In the entries that follow, the lines from the one with "#169=VERTEX_POINT('',#168);" through the one with "#193=EDGE_CURVE('E121',#136,#192,#190,.T.);" are the ones to write out, exactly and with both ends included. Nothing else should appear.

● ● ● ● ● ● ●

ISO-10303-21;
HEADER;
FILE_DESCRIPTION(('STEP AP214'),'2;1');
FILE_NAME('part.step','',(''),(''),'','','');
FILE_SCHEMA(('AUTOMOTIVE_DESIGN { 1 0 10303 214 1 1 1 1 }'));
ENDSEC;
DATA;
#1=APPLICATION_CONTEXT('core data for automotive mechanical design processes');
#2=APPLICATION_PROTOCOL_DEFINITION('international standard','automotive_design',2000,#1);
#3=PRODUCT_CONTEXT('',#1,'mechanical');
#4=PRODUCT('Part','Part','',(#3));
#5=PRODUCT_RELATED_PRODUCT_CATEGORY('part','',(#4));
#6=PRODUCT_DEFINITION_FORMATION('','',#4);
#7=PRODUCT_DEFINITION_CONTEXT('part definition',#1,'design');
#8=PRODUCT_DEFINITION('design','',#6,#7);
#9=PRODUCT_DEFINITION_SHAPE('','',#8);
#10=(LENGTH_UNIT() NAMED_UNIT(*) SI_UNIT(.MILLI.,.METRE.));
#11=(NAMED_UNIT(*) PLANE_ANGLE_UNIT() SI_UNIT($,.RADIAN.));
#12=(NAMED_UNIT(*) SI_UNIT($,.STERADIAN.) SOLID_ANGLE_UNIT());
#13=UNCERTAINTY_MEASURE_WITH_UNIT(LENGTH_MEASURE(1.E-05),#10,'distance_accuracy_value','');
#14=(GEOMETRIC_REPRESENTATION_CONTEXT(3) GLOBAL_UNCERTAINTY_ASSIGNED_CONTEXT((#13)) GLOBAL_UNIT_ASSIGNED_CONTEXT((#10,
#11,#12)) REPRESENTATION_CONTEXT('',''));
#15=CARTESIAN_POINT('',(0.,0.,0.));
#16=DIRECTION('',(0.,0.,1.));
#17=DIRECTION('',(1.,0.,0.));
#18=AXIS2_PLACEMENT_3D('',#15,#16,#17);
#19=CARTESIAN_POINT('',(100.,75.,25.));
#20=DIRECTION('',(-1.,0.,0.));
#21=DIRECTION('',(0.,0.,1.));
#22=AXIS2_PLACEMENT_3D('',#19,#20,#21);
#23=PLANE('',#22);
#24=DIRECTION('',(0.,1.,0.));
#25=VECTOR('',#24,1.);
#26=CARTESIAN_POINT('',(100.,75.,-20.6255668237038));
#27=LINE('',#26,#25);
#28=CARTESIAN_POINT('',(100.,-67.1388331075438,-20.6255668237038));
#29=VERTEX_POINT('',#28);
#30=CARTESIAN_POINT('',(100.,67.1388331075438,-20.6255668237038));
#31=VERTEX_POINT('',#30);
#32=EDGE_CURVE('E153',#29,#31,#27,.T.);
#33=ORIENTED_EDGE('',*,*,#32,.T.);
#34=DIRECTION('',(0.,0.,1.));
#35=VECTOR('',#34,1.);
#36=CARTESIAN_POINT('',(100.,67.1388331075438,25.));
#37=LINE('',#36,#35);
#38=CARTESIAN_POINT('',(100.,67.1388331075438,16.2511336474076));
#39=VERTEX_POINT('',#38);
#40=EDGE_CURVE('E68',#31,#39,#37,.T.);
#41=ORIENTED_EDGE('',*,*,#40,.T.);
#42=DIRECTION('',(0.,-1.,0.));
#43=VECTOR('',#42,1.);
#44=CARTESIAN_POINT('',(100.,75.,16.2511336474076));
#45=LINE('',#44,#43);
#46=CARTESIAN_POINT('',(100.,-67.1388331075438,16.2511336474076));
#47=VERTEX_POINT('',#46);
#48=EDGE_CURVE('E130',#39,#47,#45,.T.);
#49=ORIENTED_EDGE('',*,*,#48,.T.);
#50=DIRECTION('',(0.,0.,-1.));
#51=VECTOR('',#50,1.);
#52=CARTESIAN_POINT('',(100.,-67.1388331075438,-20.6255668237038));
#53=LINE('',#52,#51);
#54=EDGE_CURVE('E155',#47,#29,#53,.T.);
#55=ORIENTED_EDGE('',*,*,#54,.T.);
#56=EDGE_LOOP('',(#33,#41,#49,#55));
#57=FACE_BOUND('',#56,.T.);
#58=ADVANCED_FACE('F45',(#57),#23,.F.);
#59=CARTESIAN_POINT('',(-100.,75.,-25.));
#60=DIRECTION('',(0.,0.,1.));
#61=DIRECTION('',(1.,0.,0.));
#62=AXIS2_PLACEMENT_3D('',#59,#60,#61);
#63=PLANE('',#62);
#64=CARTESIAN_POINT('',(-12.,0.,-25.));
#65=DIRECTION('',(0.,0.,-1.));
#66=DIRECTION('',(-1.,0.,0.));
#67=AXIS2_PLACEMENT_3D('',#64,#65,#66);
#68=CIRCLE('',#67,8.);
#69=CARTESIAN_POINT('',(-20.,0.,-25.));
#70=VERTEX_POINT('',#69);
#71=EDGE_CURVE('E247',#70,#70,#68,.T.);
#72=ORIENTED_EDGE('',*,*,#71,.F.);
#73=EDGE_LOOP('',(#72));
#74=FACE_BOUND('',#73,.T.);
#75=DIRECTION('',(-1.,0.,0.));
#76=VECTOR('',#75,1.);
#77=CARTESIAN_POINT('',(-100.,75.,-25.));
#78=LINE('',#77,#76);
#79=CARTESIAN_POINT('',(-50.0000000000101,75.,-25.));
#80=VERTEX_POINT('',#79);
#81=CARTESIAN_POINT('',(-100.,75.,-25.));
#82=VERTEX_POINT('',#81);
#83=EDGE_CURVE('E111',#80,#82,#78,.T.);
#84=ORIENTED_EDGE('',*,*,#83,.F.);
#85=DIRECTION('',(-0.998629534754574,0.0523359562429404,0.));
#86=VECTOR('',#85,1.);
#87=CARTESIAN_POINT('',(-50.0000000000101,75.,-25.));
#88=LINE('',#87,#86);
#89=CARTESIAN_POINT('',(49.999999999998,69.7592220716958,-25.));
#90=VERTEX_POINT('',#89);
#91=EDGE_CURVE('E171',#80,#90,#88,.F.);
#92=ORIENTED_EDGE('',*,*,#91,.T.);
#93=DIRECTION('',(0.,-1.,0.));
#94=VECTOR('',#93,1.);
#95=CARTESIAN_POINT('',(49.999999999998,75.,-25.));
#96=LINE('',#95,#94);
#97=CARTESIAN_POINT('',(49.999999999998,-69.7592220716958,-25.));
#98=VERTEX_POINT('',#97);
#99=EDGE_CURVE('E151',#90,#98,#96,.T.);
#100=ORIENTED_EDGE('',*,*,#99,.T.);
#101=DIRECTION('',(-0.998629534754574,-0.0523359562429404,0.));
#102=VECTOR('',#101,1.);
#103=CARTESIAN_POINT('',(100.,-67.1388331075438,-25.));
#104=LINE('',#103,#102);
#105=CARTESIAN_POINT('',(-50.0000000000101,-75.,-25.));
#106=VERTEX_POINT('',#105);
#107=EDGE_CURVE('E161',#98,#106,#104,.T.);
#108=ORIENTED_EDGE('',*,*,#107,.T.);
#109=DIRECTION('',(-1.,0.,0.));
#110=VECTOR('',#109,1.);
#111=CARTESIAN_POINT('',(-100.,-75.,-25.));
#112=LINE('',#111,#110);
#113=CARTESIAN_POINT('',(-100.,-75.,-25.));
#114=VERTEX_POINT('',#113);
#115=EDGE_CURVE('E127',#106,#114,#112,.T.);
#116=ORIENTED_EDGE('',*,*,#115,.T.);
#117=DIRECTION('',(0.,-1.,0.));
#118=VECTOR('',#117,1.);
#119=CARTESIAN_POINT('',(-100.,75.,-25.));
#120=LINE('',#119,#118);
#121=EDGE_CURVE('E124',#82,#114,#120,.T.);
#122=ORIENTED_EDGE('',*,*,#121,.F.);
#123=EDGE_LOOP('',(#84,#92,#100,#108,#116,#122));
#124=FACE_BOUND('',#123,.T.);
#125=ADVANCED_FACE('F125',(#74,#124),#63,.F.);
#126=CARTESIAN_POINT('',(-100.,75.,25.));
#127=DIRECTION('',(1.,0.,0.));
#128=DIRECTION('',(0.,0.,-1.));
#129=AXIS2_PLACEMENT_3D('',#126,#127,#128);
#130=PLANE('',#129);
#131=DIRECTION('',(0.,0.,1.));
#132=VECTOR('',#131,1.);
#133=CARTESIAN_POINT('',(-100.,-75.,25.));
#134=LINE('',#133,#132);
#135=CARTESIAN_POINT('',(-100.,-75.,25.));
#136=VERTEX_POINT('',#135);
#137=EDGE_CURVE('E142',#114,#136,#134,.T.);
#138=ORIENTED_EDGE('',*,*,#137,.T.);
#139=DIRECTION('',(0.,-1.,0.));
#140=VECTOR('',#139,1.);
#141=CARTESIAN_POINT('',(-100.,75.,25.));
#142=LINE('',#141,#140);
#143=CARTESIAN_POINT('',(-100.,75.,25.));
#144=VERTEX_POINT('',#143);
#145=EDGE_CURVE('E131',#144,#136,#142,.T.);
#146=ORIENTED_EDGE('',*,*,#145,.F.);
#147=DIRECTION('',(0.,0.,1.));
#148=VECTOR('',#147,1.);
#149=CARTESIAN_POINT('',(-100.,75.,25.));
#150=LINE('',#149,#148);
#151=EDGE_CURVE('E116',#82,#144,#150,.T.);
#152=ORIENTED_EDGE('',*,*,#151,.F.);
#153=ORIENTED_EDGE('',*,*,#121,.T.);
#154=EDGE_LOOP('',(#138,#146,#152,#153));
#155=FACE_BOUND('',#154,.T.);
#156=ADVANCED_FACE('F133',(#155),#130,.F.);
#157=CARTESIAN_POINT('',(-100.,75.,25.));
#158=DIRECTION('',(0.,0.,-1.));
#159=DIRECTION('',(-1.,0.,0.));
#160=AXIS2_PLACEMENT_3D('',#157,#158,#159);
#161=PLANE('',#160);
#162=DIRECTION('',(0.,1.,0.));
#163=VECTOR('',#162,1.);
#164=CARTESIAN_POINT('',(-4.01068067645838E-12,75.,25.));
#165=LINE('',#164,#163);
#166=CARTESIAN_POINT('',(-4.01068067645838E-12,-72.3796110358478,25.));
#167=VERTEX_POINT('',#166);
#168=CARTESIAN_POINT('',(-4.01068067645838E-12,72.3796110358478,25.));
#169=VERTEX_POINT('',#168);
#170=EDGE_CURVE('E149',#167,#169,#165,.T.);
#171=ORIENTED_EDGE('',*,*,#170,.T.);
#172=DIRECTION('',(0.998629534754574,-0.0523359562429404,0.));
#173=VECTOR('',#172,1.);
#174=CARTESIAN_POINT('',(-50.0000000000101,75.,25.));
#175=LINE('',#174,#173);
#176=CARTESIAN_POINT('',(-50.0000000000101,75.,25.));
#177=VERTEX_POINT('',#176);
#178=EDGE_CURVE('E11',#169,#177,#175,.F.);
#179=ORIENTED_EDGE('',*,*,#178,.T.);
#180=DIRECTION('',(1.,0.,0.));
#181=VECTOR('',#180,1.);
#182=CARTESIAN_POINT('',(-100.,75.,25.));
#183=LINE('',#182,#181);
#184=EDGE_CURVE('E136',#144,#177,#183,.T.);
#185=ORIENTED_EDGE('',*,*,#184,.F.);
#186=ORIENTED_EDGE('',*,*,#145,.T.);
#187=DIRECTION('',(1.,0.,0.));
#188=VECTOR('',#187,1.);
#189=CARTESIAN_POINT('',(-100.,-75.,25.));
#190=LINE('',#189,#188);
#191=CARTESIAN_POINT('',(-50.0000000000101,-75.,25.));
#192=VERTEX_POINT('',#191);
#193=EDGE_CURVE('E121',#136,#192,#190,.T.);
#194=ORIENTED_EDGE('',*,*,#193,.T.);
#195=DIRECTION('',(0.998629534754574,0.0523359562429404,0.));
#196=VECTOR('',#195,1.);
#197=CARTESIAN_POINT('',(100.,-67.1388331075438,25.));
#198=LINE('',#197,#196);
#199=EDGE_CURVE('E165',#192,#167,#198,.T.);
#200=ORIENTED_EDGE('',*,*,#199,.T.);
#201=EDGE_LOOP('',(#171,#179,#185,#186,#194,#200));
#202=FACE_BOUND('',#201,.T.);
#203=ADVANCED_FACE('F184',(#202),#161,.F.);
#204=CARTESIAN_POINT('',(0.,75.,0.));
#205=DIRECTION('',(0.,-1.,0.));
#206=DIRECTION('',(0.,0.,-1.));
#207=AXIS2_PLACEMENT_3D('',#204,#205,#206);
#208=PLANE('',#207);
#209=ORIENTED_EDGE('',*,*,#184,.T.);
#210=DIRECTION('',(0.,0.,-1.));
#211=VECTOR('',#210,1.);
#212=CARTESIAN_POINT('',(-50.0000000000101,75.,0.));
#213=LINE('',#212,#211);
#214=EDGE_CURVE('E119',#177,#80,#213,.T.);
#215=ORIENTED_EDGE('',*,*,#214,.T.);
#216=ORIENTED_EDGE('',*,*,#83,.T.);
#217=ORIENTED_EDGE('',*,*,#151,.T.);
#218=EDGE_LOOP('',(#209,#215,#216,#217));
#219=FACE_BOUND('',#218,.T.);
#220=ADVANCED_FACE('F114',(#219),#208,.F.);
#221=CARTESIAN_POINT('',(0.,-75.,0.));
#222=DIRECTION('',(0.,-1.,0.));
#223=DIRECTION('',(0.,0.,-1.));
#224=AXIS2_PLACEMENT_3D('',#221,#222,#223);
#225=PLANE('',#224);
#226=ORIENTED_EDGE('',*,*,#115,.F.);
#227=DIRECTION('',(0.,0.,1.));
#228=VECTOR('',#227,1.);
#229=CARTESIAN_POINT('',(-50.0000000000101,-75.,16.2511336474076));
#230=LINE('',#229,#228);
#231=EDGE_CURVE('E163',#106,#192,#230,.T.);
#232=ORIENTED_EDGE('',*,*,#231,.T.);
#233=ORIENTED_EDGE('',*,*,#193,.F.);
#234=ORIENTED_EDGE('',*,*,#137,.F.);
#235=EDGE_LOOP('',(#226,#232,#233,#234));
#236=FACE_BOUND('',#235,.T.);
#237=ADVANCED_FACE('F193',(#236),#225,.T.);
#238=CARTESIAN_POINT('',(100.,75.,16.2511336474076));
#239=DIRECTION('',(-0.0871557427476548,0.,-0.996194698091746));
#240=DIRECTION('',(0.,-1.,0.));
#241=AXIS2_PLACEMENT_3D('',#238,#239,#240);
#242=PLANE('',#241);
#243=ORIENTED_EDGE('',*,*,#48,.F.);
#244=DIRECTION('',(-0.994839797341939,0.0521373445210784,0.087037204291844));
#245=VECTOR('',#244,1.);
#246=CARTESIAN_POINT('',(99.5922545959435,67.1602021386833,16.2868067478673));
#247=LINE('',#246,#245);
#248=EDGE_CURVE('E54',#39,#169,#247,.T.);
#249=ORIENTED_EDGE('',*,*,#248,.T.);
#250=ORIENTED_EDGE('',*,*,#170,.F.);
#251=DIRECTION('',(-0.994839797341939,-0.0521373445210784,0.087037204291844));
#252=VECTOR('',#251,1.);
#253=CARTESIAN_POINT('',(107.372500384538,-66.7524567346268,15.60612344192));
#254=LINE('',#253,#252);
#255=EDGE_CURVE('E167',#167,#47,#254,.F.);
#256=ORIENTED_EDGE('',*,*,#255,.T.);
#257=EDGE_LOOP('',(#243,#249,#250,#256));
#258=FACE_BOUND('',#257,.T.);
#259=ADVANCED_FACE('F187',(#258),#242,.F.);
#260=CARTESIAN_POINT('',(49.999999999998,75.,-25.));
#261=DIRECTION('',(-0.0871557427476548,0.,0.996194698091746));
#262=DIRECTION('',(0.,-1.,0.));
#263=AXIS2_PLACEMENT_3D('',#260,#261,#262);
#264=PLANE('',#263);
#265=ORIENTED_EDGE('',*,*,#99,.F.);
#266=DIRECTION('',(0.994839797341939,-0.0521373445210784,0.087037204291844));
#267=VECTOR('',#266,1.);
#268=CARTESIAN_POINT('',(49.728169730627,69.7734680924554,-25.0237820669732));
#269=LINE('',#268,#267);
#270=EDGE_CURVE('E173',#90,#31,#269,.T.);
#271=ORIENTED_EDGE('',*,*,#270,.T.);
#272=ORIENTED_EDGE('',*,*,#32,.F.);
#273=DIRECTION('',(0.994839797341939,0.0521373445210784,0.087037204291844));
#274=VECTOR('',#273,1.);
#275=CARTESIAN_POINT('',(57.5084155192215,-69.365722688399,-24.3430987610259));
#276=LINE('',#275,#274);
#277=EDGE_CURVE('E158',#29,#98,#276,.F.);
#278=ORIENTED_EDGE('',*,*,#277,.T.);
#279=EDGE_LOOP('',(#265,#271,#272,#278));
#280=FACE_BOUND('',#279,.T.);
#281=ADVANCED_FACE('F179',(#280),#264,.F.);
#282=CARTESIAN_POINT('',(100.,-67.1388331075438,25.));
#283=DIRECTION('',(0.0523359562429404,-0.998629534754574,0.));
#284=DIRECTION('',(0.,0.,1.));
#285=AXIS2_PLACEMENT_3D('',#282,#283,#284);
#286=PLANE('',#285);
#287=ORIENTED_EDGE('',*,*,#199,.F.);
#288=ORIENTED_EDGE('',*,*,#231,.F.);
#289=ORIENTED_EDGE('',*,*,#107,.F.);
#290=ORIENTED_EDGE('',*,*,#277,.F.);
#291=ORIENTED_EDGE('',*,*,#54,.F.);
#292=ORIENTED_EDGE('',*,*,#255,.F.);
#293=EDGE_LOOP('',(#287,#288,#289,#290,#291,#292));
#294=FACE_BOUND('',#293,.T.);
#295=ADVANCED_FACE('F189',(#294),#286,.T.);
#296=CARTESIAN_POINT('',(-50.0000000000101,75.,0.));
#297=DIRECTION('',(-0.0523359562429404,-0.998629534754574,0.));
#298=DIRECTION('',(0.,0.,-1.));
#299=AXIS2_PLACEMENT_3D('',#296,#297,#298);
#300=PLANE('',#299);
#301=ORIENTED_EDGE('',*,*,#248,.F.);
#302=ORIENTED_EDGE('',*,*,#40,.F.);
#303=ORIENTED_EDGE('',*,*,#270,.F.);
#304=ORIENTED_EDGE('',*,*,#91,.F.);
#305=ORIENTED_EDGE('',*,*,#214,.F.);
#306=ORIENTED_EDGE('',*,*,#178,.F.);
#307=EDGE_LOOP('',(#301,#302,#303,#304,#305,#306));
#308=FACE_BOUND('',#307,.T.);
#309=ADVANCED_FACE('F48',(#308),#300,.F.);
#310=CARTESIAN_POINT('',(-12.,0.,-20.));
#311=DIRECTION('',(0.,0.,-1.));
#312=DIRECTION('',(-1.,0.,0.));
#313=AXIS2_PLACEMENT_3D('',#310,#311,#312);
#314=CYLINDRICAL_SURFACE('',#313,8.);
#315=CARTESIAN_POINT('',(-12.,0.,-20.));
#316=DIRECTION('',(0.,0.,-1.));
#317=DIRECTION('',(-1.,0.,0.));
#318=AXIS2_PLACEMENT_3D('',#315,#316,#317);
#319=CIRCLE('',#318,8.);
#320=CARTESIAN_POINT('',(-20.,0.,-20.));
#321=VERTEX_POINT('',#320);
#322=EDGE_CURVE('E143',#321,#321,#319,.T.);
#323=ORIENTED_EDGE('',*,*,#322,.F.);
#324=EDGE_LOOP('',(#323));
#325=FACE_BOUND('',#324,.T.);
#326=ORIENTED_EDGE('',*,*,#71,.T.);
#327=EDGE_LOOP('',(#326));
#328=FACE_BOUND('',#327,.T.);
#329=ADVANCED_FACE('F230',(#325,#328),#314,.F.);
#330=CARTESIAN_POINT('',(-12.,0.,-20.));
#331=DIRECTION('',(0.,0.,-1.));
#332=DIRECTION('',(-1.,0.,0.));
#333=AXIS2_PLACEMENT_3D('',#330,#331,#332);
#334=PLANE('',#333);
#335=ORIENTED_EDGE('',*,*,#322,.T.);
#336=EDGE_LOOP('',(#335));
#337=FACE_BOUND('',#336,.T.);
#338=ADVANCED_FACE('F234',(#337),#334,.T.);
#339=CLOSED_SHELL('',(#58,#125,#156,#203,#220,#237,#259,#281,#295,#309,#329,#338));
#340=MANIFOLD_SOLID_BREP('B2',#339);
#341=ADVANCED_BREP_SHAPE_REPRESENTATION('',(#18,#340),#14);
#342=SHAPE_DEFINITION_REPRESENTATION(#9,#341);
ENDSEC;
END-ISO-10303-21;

● ● ● ● ● ● ●

-- EXERCISE RESULT --
#169=VERTEX_POINT('',#168);
#170=EDGE_CURVE('E149',#167,#169,#165,.T.);
#171=ORIENTED_EDGE('',*,*,#170,.T.);
#172=DIRECTION('',(0.998629534754574,-0.0523359562429404,0.));
#173=VECTOR('',#172,1.);
#174=CARTESIAN_POINT('',(-50.0000000000101,75.,25.));
#175=LINE('',#174,#173);
#176=CARTESIAN_POINT('',(-50.0000000000101,75.,25.));
#177=VERTEX_POINT('',#176);
#178=EDGE_CURVE('E11',#169,#177,#175,.F.);
#179=ORIENTED_EDGE('',*,*,#178,.T.);
#180=DIRECTION('',(1.,0.,0.));
#181=VECTOR('',#180,1.);
#182=CARTESIAN_POINT('',(-100.,75.,25.));
#183=LINE('',#182,#181);
#184=EDGE_CURVE('E136',#144,#177,#183,.T.);
#185=ORIENTED_EDGE('',*,*,#184,.F.);
#186=ORIENTED_EDGE('',*,*,#145,.T.);
#187=DIRECTION('',(1.,0.,0.));
#188=VECTOR('',#187,1.);
#189=CARTESIAN_POINT('',(-100.,-75.,25.));
#190=LINE('',#189,#188);
#191=CARTESIAN_POINT('',(-50.0000000000101,-75.,25.));
#192=VERTEX_POINT('',#191);
#193=EDGE_CURVE('E121',#136,#192,#190,.T.);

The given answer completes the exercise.